# Material for this exercise:
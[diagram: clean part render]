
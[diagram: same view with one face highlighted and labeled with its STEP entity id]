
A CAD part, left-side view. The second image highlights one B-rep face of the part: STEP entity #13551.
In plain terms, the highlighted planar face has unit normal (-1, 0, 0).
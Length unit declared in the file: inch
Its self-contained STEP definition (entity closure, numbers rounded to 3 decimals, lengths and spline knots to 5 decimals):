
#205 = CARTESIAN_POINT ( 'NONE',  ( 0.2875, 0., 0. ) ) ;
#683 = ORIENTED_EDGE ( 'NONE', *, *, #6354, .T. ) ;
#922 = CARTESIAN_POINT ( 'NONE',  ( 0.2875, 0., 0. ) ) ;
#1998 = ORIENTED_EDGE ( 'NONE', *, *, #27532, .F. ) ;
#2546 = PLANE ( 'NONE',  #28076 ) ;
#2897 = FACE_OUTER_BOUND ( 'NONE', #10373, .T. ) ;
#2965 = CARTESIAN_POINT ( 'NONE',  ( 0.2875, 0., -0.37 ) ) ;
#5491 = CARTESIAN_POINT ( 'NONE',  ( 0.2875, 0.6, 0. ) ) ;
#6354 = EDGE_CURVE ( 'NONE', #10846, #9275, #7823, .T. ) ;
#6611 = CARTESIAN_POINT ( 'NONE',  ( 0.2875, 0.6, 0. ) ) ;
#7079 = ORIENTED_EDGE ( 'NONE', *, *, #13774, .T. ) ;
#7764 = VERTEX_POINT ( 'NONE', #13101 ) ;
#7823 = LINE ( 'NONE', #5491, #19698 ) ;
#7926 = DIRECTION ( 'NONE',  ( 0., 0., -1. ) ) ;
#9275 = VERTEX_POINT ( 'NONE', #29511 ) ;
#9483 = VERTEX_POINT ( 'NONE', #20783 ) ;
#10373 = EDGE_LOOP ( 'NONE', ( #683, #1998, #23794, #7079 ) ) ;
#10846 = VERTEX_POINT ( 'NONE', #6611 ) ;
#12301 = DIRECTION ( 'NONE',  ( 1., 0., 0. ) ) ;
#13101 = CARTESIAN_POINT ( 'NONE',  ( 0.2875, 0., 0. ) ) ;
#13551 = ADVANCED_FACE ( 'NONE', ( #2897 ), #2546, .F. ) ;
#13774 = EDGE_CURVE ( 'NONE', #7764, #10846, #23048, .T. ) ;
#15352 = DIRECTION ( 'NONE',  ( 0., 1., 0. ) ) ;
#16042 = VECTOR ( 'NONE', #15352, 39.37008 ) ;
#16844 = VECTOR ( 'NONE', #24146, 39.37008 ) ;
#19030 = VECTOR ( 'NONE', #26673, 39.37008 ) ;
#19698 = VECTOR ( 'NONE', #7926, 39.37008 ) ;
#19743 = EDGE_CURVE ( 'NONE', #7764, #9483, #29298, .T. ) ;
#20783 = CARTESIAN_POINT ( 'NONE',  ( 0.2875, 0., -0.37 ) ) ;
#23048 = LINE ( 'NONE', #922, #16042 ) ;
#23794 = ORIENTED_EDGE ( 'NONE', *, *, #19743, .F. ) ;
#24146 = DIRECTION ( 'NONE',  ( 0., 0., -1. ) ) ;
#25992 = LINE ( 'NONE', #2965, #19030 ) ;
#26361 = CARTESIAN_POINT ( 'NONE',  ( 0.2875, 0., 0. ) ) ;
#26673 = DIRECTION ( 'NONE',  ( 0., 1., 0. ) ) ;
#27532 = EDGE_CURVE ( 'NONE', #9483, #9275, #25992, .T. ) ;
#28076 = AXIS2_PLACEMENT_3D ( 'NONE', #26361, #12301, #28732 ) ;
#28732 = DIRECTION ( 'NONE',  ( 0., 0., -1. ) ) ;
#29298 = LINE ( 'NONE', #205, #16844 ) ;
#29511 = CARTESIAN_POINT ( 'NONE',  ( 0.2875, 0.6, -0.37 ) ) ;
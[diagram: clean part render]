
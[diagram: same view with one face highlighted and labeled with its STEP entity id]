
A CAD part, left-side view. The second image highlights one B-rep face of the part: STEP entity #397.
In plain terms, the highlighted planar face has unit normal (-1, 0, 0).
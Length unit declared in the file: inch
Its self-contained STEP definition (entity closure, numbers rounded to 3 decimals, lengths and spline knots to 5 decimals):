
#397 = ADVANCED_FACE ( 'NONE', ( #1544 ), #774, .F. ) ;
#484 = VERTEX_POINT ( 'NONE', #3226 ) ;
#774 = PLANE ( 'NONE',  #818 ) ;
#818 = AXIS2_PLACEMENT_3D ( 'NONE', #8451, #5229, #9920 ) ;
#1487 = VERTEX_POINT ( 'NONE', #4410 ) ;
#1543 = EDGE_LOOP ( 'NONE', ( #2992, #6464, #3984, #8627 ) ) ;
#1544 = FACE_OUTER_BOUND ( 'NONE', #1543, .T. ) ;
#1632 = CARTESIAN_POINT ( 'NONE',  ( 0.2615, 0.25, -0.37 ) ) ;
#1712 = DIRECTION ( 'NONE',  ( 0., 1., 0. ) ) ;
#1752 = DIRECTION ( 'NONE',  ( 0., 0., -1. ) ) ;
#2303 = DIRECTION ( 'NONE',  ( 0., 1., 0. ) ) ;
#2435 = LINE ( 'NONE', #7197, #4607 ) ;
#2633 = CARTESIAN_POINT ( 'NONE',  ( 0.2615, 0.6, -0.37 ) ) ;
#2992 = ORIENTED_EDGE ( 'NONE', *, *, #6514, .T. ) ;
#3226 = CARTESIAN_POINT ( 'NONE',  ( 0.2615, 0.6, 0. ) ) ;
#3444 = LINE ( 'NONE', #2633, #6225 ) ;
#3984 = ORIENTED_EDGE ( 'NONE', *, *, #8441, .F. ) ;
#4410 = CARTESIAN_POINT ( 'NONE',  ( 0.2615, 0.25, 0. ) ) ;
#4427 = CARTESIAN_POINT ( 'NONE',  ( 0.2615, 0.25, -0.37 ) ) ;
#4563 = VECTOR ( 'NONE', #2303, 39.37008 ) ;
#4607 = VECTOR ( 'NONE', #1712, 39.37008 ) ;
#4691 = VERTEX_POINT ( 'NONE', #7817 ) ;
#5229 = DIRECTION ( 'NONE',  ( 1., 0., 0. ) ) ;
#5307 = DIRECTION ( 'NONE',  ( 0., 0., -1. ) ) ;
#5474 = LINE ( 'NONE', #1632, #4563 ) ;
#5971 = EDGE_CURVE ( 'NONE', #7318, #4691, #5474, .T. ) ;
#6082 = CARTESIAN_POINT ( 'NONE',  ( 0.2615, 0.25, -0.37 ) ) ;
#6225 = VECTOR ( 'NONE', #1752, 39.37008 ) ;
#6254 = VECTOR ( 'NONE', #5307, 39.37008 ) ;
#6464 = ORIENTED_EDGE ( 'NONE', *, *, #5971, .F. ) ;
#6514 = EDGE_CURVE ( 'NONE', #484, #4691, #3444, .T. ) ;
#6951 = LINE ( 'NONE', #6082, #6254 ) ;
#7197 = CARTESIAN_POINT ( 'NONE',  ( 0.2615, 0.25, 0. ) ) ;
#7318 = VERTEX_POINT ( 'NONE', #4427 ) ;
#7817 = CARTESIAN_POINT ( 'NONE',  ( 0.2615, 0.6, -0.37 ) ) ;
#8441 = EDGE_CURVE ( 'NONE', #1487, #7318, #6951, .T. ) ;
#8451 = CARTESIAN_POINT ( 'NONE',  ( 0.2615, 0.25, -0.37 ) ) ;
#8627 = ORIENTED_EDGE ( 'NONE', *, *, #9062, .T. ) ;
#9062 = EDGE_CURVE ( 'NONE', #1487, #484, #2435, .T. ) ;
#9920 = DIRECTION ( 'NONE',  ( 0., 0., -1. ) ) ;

# Exercise objective:
Exactly as they appear, please write out the lines from the opening of the listing above down to the line containing "#683 = ORIENTED_EDGE", with both end lines included.

# Exercise output:
[diagram: clean part render]
[diagram: same view with one face highlighted and labeled with its STEP entity id]
A CAD part, left-side view. The second image highlights one B-rep face of the part: STEP entity #13551.
In plain terms, the highlighted planar face has unit normal (-1, 0, 0).
Length unit declared in the file: inch
Its self-contained STEP definition (entity closure, numbers rounded to 3 decimals, lengths and spline knots to 5 decimals):
#205 = CARTESIAN_POINT ( 'NONE',  ( 0.2875, 0., 0. ) ) ;
#683 = ORIENTED_EDGE ( 'NONE', *, *, #6354, .T. ) ;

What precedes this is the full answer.